_YOUR INSTRUCTIONS:_ Copy every line below that has the word "ezdxf" in it.

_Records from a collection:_
-*-*-

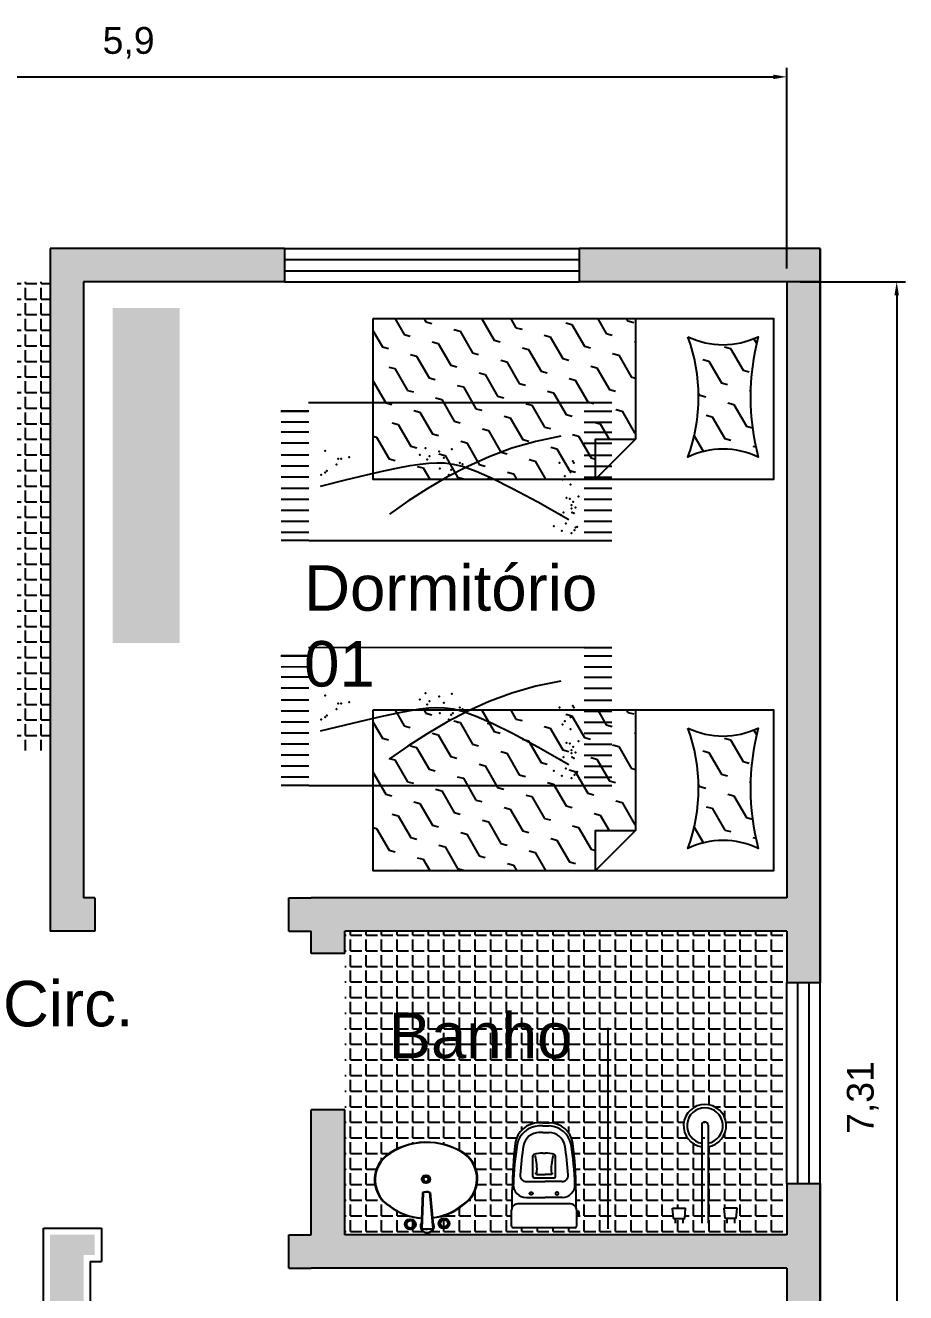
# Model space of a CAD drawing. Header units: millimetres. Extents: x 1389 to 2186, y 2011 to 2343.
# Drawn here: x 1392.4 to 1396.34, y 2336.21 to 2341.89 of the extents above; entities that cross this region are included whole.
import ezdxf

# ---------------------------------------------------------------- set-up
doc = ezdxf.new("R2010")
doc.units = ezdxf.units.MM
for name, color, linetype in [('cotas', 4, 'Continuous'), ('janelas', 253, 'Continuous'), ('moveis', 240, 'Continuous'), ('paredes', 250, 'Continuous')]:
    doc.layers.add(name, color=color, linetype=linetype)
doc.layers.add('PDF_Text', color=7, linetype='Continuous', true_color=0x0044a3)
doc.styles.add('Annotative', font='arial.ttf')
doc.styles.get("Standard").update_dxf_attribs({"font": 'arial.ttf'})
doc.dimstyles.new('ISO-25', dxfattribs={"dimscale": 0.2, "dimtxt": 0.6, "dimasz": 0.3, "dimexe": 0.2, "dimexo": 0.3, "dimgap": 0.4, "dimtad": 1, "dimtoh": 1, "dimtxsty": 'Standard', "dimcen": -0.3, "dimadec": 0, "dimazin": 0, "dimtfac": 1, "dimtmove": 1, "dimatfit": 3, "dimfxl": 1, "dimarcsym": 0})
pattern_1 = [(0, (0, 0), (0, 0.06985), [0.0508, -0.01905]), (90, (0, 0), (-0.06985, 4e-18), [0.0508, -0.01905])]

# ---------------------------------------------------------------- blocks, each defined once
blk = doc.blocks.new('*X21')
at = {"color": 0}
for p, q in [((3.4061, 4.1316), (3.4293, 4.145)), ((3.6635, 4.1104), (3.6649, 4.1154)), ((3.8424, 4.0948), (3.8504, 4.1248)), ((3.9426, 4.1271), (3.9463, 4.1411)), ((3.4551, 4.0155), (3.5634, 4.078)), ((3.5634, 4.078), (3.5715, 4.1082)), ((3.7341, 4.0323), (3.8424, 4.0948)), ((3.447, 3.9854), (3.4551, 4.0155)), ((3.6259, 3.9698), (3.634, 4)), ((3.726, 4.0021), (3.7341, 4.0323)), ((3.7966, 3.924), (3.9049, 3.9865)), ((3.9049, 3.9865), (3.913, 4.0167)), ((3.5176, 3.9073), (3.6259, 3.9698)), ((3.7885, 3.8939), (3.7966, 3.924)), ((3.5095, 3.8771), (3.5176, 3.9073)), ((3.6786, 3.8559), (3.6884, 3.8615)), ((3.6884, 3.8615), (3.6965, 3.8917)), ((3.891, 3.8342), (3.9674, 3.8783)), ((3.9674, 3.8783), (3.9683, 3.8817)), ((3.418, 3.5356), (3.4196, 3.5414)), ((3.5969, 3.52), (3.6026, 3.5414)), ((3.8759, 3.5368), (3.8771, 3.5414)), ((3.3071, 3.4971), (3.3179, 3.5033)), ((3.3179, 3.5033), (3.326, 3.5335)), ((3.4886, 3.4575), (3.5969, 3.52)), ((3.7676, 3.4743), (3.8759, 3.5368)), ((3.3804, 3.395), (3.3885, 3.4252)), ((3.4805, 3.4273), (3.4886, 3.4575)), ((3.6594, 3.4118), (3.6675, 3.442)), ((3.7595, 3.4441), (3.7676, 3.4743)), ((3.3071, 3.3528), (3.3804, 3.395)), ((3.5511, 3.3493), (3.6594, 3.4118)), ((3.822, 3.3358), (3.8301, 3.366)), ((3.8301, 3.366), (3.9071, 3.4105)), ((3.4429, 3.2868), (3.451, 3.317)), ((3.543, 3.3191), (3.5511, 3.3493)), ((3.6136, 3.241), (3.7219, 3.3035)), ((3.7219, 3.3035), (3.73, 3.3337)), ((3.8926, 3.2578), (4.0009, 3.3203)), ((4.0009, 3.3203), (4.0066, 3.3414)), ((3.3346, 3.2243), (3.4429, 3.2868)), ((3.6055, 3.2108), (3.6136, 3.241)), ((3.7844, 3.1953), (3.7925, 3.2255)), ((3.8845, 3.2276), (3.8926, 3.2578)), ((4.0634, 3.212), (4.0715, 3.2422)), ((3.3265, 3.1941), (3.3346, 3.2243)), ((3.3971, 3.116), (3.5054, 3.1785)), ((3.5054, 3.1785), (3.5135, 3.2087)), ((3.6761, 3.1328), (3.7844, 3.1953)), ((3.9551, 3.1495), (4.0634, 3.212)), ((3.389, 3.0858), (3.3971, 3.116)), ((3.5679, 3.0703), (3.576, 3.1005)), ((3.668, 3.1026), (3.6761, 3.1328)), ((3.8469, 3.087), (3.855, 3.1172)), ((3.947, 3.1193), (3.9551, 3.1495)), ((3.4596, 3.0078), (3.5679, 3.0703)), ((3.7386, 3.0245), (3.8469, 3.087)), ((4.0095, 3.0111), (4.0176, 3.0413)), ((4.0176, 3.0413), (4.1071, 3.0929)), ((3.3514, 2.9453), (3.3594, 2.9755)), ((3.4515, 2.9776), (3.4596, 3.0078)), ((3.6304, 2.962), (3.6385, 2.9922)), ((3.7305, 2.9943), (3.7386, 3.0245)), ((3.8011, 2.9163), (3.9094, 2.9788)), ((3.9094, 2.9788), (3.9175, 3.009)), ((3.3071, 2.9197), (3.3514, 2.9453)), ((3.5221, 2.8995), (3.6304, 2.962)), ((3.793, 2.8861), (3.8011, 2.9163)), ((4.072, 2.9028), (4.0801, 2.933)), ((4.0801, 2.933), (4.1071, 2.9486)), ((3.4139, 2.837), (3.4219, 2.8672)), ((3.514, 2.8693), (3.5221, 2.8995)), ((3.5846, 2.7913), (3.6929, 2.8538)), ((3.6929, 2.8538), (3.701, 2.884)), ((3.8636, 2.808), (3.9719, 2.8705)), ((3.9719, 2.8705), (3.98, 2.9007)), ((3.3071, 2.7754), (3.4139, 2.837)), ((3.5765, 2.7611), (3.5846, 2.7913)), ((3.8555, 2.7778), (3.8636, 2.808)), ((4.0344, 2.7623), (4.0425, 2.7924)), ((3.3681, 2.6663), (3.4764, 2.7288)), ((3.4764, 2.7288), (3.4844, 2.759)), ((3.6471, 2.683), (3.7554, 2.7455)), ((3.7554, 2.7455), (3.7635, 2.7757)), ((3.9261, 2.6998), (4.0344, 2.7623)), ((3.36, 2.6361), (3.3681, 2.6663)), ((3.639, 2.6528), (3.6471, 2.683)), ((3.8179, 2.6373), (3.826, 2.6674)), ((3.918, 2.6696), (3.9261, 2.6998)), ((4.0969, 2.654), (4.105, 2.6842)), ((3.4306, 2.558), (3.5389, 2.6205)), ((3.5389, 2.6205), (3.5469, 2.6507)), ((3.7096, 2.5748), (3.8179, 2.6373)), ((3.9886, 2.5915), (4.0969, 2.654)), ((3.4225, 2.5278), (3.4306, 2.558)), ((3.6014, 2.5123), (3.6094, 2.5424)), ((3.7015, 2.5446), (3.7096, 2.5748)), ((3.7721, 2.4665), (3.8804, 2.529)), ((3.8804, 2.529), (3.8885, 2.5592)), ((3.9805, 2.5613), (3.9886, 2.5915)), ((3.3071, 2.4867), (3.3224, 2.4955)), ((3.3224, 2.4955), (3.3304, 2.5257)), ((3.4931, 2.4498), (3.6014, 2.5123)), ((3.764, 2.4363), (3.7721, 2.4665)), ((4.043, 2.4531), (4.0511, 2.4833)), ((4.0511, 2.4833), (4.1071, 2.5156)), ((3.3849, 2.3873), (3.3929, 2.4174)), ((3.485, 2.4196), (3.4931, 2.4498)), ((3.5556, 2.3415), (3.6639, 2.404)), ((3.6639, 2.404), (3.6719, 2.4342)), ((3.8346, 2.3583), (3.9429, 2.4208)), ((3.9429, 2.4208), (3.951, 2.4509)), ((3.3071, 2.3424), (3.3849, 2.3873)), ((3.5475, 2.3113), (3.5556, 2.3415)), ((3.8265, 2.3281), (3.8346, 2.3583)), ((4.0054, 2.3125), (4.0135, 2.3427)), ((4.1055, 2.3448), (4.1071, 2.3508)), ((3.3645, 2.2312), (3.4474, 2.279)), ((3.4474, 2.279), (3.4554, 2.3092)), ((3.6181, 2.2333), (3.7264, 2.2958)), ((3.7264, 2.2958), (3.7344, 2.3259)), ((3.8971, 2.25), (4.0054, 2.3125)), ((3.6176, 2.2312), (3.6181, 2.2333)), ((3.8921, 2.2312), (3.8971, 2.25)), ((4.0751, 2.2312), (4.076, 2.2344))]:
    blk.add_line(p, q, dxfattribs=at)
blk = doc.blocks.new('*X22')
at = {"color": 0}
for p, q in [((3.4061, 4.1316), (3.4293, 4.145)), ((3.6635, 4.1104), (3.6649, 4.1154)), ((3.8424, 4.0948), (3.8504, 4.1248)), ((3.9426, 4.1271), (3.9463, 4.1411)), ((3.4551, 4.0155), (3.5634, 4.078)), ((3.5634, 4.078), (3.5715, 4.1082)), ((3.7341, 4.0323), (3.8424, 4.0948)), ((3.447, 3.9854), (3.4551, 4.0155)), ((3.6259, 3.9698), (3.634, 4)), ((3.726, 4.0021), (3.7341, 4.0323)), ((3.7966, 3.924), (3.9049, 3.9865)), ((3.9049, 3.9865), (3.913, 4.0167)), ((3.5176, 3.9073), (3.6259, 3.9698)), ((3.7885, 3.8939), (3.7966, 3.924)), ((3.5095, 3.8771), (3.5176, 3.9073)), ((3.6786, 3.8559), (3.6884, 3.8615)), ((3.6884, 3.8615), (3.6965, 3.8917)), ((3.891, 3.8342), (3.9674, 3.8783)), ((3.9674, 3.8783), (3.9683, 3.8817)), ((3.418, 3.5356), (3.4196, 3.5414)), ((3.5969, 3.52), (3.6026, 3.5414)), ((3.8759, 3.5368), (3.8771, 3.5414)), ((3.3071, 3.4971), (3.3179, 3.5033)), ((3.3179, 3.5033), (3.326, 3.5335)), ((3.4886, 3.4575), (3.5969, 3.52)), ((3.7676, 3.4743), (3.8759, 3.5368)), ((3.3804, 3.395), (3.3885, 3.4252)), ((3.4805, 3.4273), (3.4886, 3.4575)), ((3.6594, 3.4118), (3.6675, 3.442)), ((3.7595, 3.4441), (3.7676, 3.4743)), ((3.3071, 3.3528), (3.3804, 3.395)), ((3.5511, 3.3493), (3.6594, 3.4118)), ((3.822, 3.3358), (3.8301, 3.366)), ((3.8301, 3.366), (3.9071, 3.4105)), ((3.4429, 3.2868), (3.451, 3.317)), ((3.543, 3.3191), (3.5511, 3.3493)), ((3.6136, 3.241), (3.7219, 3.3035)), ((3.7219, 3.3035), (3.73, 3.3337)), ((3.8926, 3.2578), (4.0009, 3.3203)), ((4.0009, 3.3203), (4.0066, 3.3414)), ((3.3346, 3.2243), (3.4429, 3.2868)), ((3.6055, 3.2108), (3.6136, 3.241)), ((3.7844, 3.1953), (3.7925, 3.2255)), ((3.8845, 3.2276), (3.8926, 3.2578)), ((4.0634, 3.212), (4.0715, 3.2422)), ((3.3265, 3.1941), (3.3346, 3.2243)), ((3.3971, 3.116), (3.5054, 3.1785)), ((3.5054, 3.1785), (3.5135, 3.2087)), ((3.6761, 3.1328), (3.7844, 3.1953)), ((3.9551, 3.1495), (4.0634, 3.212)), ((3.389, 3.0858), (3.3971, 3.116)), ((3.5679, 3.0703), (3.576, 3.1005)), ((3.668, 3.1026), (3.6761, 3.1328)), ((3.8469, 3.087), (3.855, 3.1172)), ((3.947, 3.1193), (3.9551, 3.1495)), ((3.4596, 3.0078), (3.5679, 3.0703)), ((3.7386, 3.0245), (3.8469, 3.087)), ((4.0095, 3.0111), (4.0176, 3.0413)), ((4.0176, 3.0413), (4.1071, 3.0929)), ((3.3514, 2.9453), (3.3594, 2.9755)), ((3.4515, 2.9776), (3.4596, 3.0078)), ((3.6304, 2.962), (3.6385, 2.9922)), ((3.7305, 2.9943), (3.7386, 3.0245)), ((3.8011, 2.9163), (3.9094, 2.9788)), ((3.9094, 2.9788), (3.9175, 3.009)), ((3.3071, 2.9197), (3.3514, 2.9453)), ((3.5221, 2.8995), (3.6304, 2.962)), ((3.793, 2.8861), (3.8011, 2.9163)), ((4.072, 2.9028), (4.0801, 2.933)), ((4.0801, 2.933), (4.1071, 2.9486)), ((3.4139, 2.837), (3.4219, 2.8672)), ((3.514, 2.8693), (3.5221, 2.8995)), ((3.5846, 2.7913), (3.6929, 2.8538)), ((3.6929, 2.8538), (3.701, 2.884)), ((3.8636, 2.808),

-*-*-

_REPLY:_
import ezdxf
doc = ezdxf.new("R2010")
doc.units = ezdxf.units.MM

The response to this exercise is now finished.